## [BRIEF]
Transcribe exactly the first line of the listing below and each line that follows it, ending with the line that contains "doc.layers.add('M-OTRS', color=6, linetype='Continuous')", and omit the remainder.

## [INPUT FOR THIS TASK]
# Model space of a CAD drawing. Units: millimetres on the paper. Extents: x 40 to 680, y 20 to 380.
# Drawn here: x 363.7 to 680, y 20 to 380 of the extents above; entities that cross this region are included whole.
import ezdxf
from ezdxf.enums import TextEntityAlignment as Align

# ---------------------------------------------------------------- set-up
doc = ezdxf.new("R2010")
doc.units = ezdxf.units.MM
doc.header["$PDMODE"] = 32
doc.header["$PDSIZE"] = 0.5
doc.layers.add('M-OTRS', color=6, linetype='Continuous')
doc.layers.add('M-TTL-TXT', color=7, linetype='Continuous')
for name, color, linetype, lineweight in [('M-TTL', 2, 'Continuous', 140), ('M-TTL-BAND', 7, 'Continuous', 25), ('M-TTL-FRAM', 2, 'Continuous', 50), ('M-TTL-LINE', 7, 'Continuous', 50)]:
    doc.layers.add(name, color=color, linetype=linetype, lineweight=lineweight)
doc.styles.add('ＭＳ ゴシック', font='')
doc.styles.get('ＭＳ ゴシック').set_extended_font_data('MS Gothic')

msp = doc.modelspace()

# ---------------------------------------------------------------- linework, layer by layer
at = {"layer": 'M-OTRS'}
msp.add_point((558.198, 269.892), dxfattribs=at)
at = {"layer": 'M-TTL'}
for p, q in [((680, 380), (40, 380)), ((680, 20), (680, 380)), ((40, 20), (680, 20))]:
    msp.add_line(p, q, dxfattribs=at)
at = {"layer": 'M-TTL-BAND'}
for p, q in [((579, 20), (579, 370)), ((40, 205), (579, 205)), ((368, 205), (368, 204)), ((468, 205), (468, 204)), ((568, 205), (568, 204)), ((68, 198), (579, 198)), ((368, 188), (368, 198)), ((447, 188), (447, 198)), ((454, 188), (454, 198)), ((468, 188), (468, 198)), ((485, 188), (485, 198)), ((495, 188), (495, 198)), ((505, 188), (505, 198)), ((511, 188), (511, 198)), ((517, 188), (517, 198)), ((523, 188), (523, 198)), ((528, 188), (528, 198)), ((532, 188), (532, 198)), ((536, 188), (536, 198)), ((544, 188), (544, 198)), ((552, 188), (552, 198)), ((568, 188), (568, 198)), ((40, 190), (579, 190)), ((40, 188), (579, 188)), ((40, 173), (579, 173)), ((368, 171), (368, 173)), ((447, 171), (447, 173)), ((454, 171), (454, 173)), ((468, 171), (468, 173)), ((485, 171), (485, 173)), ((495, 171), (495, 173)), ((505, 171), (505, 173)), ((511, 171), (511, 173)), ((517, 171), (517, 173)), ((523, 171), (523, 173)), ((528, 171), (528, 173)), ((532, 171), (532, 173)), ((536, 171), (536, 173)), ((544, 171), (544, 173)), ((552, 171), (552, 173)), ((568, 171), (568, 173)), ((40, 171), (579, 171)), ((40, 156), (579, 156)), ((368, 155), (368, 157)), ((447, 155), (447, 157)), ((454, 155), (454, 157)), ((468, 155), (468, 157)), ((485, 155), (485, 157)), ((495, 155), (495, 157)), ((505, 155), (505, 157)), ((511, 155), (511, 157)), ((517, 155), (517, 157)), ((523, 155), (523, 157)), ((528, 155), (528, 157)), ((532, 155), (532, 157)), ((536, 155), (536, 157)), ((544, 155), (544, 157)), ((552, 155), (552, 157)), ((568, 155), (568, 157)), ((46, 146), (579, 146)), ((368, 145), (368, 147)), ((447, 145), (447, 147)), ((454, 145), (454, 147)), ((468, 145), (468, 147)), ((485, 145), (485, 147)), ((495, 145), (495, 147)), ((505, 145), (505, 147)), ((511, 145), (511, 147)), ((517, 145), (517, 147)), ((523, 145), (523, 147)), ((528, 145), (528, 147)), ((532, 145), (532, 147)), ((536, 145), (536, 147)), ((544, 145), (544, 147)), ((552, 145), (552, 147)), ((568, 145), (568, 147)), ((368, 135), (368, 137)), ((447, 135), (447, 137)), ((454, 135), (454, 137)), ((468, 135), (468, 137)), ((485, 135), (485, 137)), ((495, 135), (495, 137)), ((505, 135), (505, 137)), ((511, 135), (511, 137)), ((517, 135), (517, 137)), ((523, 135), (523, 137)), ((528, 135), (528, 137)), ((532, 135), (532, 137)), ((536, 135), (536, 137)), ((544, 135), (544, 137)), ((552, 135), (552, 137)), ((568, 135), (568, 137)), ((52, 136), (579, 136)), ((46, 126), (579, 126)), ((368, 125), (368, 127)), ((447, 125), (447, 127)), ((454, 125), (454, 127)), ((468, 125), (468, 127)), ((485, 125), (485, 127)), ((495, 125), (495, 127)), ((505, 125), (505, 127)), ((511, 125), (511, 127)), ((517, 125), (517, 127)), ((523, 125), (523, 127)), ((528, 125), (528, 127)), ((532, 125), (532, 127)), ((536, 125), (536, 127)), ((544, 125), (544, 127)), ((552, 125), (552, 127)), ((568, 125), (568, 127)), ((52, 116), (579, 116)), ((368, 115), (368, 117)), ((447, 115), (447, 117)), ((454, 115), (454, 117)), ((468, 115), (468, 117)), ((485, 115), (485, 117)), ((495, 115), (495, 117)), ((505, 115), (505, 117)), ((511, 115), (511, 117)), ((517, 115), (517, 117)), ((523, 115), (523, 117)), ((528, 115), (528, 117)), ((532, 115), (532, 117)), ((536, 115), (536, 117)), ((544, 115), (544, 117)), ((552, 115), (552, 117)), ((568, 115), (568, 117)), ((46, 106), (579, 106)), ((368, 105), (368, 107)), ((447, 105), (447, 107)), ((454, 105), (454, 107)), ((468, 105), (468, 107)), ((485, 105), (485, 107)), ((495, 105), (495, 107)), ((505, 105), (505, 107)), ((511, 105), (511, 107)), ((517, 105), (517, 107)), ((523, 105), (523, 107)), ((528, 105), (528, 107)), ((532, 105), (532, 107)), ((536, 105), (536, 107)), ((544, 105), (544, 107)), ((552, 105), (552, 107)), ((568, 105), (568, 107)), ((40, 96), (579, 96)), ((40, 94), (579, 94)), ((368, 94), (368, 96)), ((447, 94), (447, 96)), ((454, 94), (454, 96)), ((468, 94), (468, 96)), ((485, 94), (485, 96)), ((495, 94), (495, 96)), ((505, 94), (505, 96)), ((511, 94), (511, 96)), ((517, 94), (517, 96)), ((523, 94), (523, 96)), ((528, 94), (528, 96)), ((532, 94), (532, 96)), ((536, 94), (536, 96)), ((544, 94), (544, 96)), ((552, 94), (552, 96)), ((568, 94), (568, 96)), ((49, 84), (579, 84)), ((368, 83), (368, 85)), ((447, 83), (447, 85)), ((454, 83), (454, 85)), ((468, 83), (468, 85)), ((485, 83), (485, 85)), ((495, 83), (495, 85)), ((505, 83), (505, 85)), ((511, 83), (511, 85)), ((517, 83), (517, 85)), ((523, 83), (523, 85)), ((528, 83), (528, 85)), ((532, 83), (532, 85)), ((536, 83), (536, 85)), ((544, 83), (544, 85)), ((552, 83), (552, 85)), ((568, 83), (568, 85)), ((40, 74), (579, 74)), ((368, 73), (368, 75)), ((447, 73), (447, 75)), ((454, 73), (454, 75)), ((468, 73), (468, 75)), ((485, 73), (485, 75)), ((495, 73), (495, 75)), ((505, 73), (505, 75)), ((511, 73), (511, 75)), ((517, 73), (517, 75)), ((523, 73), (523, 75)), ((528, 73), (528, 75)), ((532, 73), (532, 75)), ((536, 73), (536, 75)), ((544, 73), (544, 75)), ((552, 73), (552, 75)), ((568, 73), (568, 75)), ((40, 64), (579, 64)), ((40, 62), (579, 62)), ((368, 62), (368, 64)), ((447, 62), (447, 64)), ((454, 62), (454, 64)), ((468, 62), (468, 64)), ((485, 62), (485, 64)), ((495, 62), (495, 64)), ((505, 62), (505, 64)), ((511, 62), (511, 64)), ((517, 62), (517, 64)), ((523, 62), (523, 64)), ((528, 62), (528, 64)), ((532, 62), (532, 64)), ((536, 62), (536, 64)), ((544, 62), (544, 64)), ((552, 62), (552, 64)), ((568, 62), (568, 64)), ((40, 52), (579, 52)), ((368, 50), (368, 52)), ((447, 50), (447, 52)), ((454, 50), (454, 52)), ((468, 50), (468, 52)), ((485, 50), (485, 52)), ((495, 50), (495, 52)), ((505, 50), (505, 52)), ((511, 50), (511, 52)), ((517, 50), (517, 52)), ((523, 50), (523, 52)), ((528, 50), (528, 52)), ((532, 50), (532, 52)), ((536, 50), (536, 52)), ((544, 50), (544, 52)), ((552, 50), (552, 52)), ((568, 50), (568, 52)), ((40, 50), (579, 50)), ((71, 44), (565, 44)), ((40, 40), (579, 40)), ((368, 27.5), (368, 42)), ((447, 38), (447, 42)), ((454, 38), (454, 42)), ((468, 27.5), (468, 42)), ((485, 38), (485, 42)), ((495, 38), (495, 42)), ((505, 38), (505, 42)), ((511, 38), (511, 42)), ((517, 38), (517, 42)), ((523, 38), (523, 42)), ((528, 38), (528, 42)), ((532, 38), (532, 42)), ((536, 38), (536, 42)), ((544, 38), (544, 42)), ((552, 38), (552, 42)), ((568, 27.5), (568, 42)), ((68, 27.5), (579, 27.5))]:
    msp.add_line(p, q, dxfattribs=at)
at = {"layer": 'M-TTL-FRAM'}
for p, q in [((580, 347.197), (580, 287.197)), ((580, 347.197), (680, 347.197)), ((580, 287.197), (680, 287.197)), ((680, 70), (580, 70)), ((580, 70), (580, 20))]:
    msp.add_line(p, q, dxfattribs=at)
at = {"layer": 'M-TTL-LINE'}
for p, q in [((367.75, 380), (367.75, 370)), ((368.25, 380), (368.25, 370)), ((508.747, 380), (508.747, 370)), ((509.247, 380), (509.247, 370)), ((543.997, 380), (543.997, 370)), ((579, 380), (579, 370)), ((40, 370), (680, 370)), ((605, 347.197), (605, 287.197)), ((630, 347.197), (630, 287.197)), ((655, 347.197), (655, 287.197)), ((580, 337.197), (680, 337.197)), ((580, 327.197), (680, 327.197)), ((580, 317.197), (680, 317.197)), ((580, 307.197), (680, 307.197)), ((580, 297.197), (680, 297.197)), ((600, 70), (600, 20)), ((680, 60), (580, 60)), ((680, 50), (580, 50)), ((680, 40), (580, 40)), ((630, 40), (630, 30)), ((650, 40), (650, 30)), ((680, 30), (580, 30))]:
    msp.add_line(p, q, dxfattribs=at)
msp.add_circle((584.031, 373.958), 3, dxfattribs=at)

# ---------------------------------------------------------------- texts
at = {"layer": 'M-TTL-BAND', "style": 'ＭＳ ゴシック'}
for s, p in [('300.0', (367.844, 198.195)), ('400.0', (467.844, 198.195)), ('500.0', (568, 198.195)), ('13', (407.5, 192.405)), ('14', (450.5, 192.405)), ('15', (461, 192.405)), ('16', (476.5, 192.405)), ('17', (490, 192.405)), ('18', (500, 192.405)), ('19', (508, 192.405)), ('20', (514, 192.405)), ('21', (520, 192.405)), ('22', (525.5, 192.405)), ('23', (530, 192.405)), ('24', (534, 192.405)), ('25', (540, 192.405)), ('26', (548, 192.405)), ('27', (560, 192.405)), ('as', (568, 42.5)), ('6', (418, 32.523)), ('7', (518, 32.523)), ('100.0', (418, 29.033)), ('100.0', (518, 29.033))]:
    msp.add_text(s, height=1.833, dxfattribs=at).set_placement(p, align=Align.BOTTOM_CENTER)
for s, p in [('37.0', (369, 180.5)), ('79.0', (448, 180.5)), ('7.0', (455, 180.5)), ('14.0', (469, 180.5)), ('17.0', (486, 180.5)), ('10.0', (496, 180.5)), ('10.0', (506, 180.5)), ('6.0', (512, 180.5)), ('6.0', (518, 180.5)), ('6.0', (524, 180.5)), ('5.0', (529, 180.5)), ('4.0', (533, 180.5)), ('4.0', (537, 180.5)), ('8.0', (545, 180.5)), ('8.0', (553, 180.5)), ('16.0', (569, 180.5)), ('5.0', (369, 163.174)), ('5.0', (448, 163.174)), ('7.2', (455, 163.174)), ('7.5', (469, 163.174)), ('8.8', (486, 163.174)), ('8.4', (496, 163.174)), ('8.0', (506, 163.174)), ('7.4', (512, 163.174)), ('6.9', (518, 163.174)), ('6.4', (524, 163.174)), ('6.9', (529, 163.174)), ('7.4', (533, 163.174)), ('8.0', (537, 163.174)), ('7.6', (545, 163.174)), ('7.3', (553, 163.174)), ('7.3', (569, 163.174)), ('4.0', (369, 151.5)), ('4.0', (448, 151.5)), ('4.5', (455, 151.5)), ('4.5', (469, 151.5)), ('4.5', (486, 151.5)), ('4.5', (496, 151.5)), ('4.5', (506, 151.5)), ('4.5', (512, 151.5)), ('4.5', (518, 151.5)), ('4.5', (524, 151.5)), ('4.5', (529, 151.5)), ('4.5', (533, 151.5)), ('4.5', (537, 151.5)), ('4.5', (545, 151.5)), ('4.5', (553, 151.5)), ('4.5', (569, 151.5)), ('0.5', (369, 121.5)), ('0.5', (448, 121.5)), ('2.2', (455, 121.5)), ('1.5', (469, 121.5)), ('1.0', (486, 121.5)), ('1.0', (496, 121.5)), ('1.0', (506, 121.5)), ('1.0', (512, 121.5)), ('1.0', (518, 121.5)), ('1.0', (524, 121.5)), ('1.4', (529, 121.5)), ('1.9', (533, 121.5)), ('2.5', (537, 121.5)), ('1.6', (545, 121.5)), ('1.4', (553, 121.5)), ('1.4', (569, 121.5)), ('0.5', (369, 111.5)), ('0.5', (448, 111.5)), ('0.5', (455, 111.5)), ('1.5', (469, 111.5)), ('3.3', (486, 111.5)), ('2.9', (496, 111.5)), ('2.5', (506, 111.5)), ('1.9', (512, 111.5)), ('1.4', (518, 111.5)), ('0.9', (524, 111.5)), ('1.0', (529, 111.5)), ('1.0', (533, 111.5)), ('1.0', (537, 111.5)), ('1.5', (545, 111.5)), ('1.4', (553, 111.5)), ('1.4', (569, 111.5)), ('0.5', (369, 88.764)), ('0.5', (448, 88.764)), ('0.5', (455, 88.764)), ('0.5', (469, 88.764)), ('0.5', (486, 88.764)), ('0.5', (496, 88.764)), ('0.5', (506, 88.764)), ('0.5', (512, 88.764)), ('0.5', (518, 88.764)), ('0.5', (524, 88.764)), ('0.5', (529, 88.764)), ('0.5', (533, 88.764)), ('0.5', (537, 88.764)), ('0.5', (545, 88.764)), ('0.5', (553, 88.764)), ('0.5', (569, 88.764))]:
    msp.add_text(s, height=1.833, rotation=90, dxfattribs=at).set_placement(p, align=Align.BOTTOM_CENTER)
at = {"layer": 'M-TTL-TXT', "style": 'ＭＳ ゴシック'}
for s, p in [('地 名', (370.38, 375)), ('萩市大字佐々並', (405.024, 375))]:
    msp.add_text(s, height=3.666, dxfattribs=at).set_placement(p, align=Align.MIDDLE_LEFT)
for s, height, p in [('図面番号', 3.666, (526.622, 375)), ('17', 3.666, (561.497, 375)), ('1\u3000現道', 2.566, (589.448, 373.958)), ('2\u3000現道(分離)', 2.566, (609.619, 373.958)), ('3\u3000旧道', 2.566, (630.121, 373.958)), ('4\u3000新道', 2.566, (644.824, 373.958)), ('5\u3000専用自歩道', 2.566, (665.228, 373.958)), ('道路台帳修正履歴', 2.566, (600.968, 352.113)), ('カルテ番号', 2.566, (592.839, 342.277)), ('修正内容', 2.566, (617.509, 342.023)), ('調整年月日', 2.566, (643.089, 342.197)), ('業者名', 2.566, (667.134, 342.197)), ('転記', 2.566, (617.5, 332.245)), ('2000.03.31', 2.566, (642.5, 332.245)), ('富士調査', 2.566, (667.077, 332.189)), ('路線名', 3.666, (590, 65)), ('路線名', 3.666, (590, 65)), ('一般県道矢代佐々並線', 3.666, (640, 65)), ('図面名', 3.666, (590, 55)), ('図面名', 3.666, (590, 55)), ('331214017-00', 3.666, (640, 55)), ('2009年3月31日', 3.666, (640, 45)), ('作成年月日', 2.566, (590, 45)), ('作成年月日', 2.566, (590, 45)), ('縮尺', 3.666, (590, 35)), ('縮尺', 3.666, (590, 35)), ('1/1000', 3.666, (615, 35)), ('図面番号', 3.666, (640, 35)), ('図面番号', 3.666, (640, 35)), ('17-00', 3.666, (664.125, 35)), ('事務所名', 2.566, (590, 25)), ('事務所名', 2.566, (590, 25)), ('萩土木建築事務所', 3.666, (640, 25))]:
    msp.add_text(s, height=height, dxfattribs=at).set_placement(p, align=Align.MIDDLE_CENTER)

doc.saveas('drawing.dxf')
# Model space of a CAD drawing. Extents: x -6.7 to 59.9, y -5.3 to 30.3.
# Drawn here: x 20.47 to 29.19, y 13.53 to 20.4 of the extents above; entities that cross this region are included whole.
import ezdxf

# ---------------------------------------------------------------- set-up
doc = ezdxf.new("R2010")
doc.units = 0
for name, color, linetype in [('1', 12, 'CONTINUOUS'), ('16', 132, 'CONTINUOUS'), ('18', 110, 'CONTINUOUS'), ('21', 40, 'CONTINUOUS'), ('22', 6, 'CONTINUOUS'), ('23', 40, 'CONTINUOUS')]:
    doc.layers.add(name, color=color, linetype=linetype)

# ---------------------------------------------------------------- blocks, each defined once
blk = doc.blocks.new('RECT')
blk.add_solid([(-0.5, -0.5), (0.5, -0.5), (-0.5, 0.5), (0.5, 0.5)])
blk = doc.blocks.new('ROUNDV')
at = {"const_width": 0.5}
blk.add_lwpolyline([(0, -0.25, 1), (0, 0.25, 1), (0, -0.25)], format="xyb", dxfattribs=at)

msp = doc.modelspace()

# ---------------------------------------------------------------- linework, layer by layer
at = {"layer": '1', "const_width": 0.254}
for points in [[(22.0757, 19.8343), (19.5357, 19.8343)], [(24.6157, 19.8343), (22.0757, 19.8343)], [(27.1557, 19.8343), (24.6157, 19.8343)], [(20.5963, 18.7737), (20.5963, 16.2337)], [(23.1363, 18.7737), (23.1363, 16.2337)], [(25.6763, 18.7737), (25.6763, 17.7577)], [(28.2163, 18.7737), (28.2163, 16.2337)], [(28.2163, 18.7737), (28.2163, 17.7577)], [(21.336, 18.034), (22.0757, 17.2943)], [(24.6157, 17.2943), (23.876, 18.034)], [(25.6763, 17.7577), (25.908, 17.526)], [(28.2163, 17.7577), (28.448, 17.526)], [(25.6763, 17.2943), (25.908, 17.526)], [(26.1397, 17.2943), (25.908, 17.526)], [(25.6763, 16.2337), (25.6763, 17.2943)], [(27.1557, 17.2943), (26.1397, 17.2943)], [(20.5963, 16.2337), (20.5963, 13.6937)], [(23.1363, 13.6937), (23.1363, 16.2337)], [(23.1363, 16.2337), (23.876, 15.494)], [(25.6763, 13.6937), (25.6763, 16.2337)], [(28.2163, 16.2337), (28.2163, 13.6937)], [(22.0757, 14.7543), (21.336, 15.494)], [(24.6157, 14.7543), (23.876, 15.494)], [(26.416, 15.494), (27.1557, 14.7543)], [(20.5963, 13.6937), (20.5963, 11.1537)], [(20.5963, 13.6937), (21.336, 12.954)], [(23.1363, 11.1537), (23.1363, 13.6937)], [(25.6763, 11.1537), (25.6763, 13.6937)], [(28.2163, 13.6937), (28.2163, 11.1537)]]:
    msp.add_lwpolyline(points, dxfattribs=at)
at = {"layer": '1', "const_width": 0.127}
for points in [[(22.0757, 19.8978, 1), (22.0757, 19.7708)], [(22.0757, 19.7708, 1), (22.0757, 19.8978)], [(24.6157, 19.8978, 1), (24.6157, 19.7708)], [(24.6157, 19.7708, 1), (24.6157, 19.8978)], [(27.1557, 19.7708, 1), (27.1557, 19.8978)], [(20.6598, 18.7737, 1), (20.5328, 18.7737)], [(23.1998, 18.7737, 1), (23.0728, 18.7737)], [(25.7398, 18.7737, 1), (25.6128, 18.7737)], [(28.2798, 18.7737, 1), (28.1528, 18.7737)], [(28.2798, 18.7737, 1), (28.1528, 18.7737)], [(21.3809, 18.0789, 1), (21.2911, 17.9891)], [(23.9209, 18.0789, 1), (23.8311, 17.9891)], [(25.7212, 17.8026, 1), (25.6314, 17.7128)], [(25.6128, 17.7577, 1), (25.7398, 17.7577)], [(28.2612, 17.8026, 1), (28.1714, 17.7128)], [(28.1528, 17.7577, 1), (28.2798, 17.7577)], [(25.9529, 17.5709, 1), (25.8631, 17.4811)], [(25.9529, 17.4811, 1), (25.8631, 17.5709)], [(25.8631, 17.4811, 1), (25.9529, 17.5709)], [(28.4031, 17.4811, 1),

## [EXPECTED ANSWER]
# Model space of a CAD drawing. Units: millimetres on the paper. Extents: x 40 to 680, y 20 to 380.
# Drawn here: x 363.7 to 680, y 20 to 380 of the extents above; entities that cross this region are included whole.
import ezdxf
from ezdxf.enums import TextEntityAlignment as Align

# ---------------------------------------------------------------- set-up
doc = ezdxf.new("R2010")
doc.units = ezdxf.units.MM
doc.header["$PDMODE"] = 32
doc.header["$PDSIZE"] = 0.5
doc.layers.add('M-OTRS', color=6, linetype='Continuous')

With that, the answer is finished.